• EXERCISE PROMPT
Skip every picture while you write out the records below, from the first line through the one that contains "msp = doc.modelspace()", both ends kept.

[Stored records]
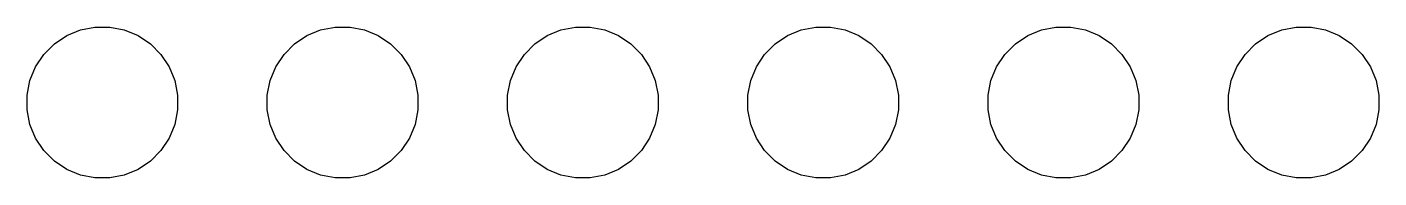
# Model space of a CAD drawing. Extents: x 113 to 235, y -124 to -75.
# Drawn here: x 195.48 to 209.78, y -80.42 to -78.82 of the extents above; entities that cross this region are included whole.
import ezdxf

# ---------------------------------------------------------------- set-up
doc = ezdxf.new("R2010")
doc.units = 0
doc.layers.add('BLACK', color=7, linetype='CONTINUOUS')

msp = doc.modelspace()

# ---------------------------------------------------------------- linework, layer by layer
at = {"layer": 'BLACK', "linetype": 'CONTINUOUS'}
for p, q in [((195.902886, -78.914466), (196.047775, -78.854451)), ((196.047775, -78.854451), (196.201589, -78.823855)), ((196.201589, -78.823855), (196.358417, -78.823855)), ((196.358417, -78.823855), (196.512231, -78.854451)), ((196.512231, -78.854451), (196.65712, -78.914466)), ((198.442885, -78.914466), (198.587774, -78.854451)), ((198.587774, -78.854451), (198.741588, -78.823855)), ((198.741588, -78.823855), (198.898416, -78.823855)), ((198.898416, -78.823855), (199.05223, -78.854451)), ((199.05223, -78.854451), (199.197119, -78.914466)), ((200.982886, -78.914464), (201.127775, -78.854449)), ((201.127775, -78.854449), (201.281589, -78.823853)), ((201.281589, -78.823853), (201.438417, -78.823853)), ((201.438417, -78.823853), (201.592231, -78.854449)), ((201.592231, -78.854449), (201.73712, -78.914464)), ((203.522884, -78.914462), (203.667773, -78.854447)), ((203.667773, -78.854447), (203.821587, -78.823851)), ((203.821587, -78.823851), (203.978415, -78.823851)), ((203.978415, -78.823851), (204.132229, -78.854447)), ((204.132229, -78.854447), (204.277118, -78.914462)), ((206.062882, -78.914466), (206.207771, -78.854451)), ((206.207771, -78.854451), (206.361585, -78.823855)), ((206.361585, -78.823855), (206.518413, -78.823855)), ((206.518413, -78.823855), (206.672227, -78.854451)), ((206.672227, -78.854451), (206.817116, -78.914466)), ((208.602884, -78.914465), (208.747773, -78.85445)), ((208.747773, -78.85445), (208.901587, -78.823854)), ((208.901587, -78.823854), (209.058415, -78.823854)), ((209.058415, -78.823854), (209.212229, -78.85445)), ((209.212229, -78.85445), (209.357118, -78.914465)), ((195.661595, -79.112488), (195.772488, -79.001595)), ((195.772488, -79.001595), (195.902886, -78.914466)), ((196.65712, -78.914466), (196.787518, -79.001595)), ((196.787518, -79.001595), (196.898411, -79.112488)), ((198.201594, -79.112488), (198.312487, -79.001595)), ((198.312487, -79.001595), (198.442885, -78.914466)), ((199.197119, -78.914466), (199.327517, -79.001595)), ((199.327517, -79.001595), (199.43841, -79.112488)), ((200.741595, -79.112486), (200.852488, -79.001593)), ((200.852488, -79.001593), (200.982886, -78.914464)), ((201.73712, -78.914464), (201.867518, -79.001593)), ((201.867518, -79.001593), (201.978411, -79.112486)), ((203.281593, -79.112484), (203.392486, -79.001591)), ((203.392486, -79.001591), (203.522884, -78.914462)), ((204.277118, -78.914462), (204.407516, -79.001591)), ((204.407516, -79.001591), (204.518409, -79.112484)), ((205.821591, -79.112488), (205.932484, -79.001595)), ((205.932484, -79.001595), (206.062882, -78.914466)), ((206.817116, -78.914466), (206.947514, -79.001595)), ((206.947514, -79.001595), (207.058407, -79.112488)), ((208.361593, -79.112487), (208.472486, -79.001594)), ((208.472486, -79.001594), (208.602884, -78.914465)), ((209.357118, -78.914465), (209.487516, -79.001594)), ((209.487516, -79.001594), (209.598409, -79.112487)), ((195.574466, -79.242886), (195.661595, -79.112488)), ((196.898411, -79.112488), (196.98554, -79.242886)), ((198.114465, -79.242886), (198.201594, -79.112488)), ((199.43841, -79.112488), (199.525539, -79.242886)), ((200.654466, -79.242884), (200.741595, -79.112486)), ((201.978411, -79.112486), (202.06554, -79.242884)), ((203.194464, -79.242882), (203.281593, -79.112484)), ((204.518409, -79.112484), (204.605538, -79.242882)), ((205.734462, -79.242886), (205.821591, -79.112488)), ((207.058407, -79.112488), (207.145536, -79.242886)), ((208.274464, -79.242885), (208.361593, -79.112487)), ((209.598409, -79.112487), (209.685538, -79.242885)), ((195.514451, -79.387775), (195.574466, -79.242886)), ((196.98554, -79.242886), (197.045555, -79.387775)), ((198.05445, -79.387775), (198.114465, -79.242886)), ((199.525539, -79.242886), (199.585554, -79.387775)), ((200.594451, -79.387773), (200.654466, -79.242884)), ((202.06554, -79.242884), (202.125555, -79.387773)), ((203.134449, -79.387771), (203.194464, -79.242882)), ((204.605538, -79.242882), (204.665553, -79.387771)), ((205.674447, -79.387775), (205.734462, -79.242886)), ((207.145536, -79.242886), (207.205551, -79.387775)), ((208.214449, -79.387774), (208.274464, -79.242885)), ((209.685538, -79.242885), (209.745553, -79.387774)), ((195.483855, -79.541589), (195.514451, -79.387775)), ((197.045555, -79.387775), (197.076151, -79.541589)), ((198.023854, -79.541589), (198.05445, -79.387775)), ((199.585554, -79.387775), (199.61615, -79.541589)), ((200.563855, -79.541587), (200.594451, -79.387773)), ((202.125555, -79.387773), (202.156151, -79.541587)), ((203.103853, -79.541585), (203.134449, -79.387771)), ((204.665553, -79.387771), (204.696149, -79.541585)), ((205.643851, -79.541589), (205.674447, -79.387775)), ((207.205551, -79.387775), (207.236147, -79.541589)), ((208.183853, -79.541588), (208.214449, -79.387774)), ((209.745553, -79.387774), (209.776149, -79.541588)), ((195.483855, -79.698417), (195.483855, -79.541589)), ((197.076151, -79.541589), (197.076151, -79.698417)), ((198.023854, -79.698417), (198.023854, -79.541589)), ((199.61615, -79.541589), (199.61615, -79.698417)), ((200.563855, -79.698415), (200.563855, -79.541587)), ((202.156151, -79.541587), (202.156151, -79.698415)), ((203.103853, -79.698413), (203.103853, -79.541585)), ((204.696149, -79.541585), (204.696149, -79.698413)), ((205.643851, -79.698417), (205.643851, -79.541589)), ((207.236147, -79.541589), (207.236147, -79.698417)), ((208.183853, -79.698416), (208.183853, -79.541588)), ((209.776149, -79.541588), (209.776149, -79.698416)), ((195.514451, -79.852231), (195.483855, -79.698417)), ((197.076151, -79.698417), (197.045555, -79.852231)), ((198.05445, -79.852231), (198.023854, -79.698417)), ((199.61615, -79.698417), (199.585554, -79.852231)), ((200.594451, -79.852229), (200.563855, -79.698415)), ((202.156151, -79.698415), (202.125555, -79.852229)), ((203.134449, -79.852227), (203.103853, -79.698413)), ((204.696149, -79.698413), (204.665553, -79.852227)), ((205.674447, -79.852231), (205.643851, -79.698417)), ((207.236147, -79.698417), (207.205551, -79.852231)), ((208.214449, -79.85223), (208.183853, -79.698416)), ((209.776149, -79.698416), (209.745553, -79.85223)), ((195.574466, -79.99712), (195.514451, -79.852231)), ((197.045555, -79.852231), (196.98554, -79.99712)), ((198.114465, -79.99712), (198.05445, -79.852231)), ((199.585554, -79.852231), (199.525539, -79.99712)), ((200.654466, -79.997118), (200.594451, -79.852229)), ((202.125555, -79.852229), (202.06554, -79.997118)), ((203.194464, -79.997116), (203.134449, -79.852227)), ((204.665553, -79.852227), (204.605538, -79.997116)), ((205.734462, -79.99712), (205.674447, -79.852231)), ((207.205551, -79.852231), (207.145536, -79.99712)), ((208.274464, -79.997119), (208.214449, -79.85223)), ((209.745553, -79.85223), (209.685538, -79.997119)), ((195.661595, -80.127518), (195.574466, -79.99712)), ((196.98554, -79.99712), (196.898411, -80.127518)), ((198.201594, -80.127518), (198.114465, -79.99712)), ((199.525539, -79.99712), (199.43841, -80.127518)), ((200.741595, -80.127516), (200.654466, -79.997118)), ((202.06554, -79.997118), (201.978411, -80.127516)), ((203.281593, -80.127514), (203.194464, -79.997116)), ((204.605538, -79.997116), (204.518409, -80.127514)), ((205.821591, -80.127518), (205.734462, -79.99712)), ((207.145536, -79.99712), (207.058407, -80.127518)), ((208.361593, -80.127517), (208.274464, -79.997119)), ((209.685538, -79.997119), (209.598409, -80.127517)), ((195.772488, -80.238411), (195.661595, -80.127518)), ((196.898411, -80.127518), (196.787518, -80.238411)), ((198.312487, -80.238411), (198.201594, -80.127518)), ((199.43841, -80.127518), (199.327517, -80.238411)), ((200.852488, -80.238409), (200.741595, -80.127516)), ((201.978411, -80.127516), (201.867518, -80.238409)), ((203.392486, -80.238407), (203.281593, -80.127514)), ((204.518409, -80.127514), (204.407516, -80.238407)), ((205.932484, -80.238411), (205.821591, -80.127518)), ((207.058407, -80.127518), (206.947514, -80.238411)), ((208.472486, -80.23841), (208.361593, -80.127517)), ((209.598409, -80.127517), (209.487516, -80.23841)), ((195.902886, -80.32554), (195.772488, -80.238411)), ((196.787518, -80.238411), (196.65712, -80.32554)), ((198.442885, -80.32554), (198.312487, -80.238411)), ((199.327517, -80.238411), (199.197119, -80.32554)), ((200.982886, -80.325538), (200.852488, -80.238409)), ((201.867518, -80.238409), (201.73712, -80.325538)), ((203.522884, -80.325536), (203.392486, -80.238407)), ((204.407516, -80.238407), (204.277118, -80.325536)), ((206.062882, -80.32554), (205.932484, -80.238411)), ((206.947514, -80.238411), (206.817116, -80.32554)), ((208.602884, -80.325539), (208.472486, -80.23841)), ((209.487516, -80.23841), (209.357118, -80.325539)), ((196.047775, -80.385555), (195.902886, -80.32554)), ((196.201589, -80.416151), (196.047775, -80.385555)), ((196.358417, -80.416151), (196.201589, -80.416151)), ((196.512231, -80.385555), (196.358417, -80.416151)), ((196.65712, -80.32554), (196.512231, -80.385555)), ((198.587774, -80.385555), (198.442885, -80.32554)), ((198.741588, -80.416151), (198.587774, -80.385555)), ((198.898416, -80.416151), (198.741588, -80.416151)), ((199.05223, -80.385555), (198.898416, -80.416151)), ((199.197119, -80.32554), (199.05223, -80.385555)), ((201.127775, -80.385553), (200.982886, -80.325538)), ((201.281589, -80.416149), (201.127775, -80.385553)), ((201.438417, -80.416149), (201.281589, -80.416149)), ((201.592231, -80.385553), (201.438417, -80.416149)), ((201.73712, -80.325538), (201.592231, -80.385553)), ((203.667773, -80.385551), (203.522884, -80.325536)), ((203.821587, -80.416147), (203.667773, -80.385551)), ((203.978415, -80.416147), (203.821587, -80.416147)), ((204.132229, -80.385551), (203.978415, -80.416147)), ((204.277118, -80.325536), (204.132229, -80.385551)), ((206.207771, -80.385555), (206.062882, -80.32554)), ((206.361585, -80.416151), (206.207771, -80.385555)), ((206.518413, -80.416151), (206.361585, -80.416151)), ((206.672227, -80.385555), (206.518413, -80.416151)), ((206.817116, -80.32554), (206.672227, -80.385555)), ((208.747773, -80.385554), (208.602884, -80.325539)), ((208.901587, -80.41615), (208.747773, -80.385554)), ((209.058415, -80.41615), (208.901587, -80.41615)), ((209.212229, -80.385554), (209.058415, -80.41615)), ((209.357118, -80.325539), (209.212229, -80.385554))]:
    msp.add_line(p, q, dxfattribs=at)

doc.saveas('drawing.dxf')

• WORKED SOLUTION
# Model space of a CAD drawing. Extents: x 113 to 235, y -124 to -75.
# Drawn here: x 195.48 to 209.78, y -80.42 to -78.82 of the extents above; entities that cross this region are included whole.
import ezdxf

# ---------------------------------------------------------------- set-up
doc = ezdxf.new("R2010")
doc.units = 0
doc.layers.add('BLACK', color=7, linetype='CONTINUOUS')

msp = doc.modelspace()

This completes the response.